#### Problem description:
For the material below, return exactly the lines starting at the one holding "- new net +12V: C2.1, Conector_Botonera.1" and ending at the one holding "- new net Baixar: Q4.2 (G), Q7.2 (G)", counting both as part of the range.

#### The input:

····················

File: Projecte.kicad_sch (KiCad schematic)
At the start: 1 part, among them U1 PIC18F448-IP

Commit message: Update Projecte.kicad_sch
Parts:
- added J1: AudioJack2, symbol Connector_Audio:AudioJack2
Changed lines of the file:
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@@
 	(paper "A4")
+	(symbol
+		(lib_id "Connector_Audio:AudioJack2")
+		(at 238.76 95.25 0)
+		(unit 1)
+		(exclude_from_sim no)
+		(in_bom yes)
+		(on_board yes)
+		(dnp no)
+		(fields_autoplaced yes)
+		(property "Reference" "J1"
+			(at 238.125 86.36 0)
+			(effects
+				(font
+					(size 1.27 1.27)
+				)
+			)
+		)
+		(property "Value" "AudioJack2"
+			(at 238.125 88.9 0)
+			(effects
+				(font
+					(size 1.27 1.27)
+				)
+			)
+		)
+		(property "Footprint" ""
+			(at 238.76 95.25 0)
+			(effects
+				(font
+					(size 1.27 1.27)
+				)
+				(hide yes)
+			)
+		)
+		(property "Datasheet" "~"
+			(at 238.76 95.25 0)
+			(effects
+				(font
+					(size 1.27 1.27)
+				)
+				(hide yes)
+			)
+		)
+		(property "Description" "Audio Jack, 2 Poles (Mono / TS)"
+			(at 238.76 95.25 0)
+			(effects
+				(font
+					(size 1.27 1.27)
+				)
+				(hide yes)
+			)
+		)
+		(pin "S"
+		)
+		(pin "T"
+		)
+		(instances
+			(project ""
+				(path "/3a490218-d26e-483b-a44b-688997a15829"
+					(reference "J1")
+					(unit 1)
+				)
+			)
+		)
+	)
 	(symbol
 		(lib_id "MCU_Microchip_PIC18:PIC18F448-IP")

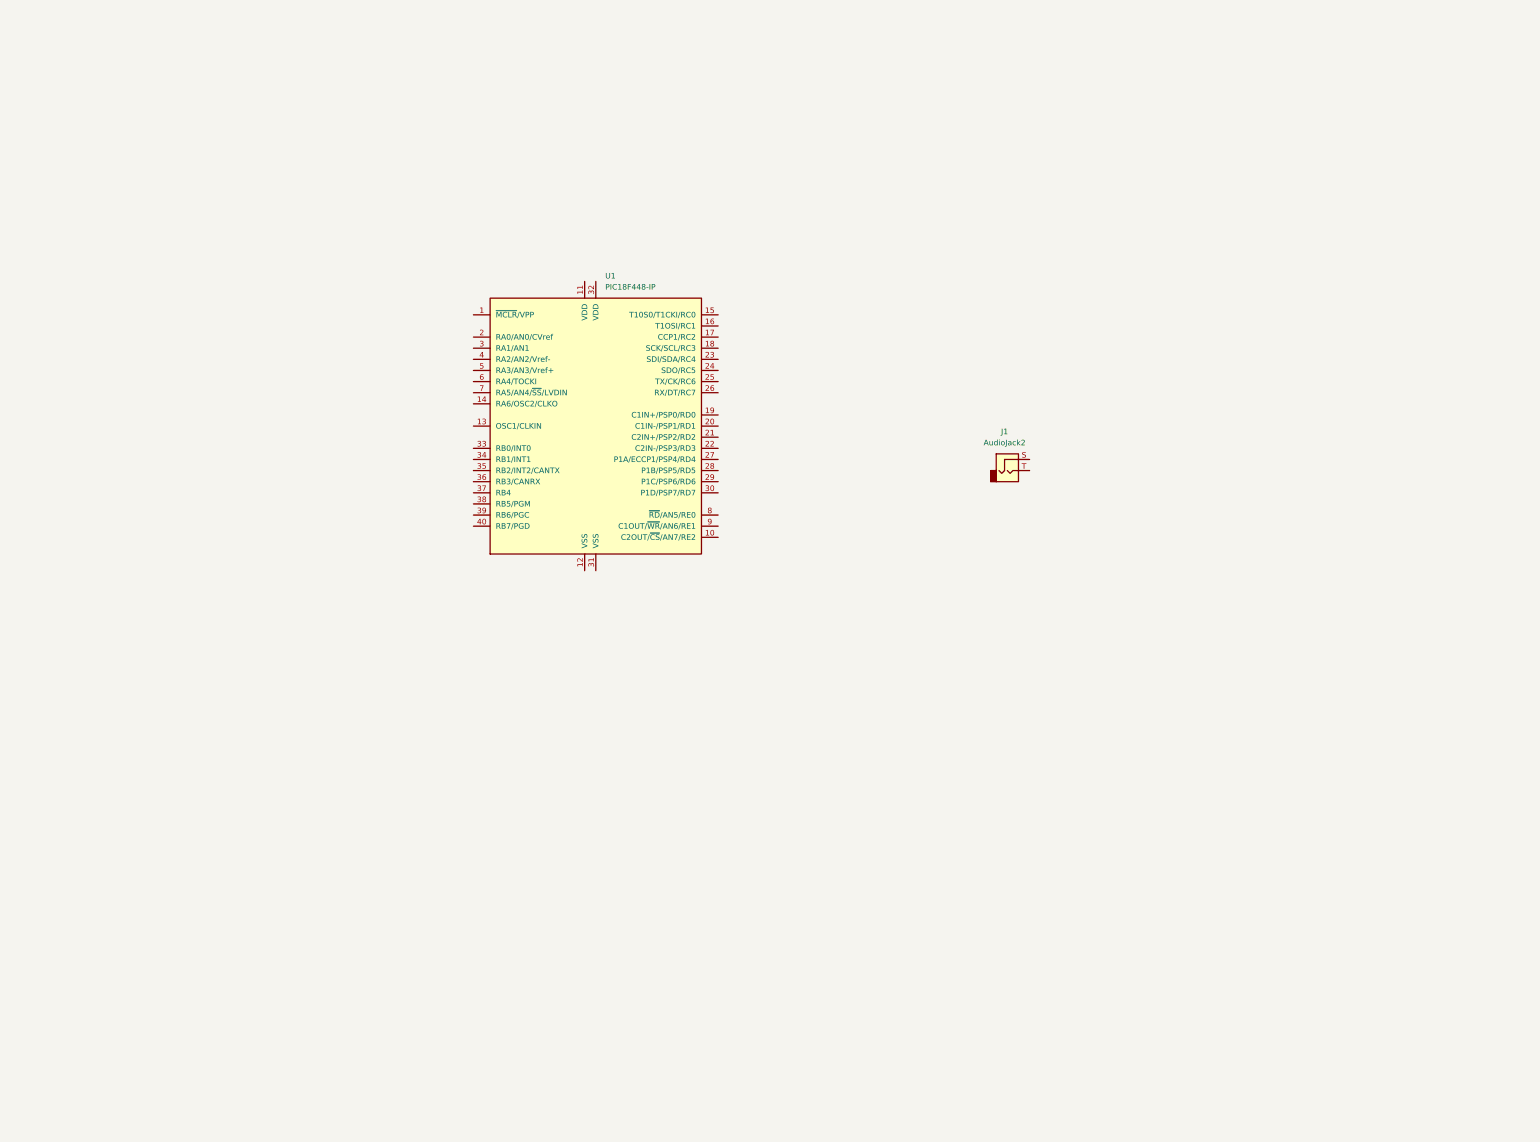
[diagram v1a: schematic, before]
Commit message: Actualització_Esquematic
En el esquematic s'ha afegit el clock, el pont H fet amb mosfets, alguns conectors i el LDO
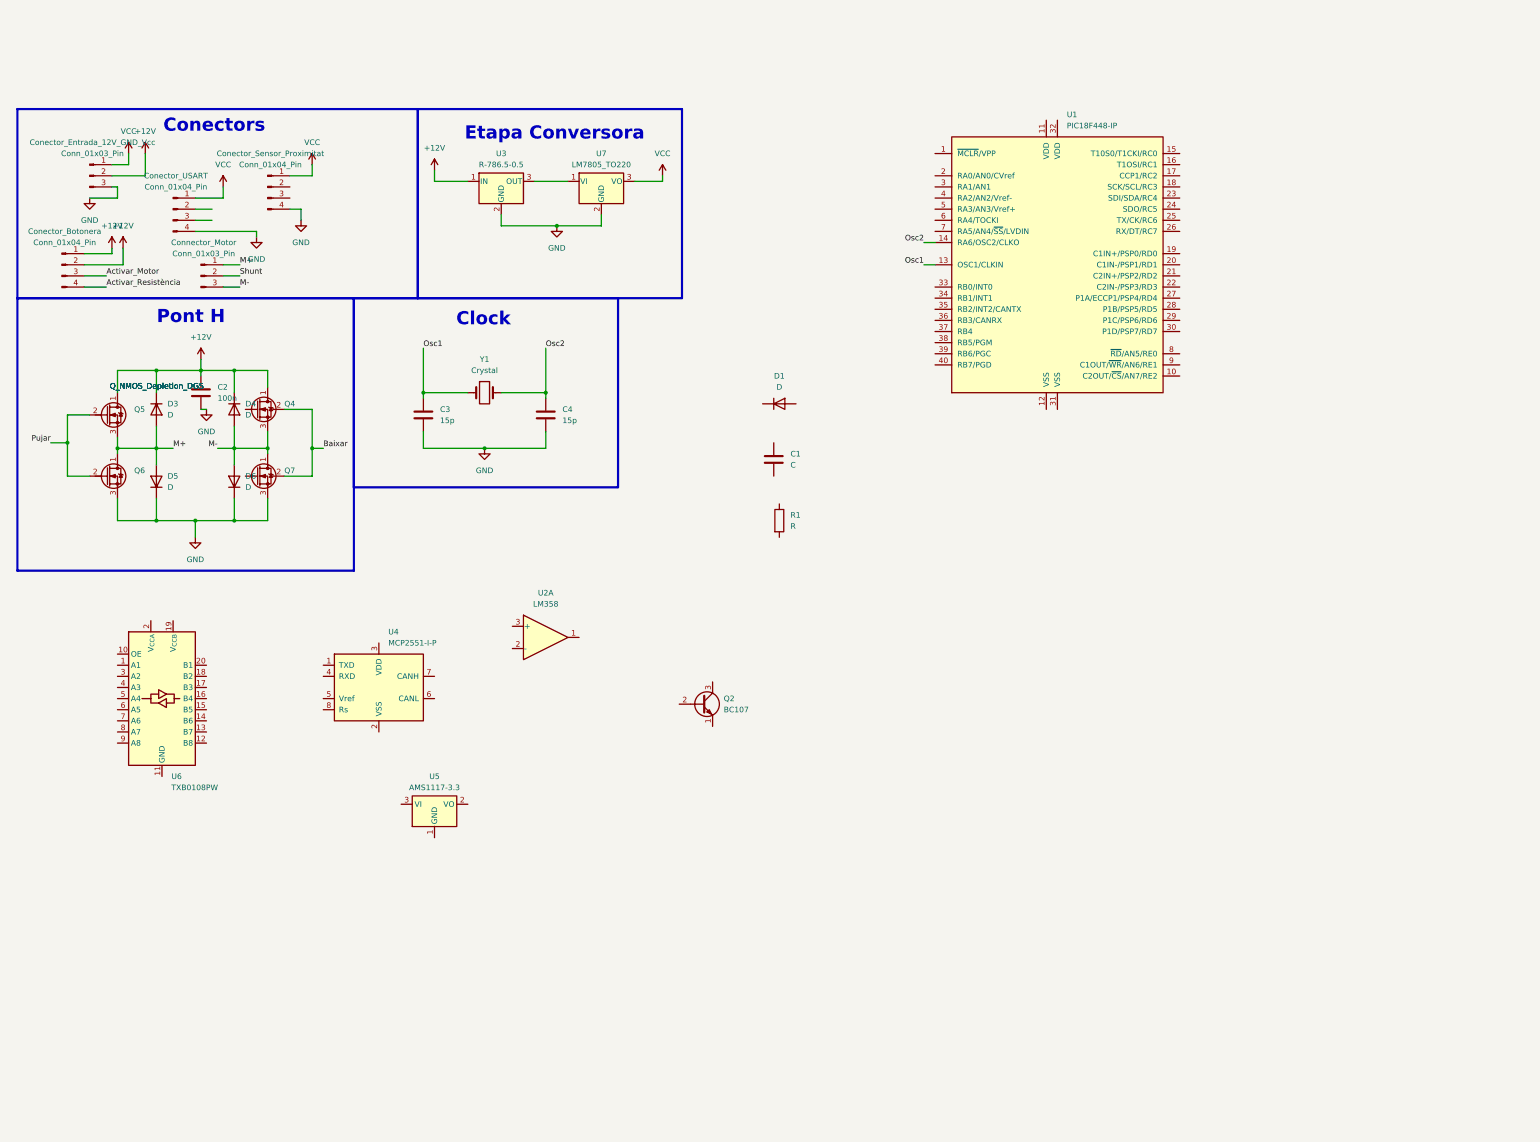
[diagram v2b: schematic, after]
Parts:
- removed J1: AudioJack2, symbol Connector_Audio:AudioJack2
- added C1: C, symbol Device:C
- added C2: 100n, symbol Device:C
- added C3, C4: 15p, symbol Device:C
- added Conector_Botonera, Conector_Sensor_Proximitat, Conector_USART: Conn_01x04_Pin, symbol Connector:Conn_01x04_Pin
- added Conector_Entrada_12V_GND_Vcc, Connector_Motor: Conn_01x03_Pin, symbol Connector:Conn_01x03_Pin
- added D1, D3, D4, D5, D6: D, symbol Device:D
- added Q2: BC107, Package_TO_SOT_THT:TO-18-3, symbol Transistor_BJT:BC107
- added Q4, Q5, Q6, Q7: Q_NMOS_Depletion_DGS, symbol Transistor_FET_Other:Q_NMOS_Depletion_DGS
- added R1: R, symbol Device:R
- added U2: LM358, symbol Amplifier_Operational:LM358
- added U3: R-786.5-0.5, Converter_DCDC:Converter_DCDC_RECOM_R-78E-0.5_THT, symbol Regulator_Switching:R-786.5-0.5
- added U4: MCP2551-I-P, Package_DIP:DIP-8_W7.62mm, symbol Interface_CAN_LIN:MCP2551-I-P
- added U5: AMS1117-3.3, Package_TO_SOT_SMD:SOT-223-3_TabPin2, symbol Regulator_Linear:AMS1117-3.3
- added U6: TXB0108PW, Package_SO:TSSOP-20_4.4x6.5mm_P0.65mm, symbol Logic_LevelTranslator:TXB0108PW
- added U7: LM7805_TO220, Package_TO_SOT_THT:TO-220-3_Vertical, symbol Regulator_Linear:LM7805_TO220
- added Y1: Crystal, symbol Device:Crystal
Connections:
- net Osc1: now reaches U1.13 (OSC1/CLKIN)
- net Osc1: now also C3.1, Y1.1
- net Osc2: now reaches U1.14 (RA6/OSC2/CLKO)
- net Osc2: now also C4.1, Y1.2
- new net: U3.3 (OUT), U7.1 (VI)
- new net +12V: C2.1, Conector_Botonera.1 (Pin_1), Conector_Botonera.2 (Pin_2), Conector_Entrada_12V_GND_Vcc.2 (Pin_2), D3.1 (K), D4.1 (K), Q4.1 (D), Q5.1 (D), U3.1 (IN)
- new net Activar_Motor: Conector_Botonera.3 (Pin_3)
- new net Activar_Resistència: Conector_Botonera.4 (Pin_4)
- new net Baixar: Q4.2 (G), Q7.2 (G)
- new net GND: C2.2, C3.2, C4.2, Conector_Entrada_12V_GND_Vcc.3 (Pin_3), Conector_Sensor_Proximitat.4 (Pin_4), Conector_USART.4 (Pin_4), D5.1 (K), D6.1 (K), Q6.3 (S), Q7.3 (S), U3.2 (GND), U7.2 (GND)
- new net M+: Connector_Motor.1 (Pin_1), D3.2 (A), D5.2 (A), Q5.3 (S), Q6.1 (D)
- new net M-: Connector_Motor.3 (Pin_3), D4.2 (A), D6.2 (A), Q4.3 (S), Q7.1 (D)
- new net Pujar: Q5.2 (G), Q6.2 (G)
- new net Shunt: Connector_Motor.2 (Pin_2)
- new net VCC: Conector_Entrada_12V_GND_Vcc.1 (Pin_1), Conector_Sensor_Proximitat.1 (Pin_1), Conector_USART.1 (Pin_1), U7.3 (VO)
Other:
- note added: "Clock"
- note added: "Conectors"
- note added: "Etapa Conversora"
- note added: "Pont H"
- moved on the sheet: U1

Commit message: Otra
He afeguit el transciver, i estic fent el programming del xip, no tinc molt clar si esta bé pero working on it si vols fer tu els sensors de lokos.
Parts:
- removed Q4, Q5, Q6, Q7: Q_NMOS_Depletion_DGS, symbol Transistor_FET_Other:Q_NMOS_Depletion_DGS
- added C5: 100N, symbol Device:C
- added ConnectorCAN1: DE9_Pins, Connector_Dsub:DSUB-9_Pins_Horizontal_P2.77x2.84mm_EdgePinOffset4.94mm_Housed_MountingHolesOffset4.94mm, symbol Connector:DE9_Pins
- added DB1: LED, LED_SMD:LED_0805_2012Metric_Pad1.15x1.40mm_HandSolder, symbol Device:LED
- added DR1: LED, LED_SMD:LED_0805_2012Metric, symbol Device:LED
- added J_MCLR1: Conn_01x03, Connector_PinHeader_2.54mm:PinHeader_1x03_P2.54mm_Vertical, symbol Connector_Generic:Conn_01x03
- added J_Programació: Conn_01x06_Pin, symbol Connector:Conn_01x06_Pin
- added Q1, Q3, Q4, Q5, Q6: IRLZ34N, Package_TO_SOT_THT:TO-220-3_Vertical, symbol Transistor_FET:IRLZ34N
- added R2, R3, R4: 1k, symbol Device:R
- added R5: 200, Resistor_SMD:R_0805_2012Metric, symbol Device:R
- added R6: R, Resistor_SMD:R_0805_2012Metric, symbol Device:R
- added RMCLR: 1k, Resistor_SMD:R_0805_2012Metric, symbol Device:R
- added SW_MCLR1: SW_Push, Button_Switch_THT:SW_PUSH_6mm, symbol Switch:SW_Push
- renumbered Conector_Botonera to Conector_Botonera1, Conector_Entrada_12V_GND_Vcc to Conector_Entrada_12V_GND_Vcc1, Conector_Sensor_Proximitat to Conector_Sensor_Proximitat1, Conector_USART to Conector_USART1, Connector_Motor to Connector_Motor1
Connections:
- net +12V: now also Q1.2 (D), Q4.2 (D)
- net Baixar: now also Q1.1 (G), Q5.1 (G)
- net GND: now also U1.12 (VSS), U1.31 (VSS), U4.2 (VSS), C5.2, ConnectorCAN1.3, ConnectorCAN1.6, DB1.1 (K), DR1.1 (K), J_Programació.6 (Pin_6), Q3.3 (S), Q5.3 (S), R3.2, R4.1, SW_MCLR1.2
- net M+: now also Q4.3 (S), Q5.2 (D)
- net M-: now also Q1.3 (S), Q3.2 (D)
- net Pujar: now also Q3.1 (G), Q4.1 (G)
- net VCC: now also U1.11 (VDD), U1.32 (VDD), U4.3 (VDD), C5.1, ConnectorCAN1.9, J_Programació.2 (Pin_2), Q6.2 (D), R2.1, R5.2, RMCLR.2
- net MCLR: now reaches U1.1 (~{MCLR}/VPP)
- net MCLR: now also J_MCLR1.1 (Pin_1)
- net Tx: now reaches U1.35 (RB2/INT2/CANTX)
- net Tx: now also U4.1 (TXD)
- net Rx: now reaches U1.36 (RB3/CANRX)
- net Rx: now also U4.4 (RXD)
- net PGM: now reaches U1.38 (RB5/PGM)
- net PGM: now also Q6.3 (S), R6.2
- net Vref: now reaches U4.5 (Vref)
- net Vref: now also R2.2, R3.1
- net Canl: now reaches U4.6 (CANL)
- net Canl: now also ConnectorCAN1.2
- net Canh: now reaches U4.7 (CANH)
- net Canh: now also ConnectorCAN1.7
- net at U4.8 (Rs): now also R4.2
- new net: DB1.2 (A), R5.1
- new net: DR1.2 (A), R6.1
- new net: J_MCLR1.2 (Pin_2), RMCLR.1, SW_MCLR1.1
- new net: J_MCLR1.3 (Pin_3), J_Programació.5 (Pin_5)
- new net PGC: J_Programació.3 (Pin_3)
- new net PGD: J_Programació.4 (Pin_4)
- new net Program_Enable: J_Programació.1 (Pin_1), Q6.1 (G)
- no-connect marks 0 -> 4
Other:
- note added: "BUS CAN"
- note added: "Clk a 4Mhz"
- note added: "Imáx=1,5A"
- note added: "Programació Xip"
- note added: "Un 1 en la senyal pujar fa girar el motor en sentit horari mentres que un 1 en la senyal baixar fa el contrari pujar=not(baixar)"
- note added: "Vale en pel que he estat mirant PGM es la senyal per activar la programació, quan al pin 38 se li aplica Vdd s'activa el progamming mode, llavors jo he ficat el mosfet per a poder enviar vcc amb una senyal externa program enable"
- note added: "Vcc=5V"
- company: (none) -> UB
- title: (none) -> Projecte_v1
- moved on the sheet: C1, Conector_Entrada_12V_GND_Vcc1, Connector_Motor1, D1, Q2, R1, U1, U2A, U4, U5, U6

····················

#### Final answer:
- new net +12V: C2.1, Conector_Botonera.1 (Pin_1), Conector_Botonera.2 (Pin_2), Conector_Entrada_12V_GND_Vcc.2 (Pin_2), D3.1 (K), D4.1 (K), Q4.1 (D), Q5.1 (D), U3.1 (IN)
- new net Activar_Motor: Conector_Botonera.3 (Pin_3)
- new net Activar_Resistència: Conector_Botonera.4 (Pin_4)
- new net Baixar: Q4.2 (G), Q7.2 (G)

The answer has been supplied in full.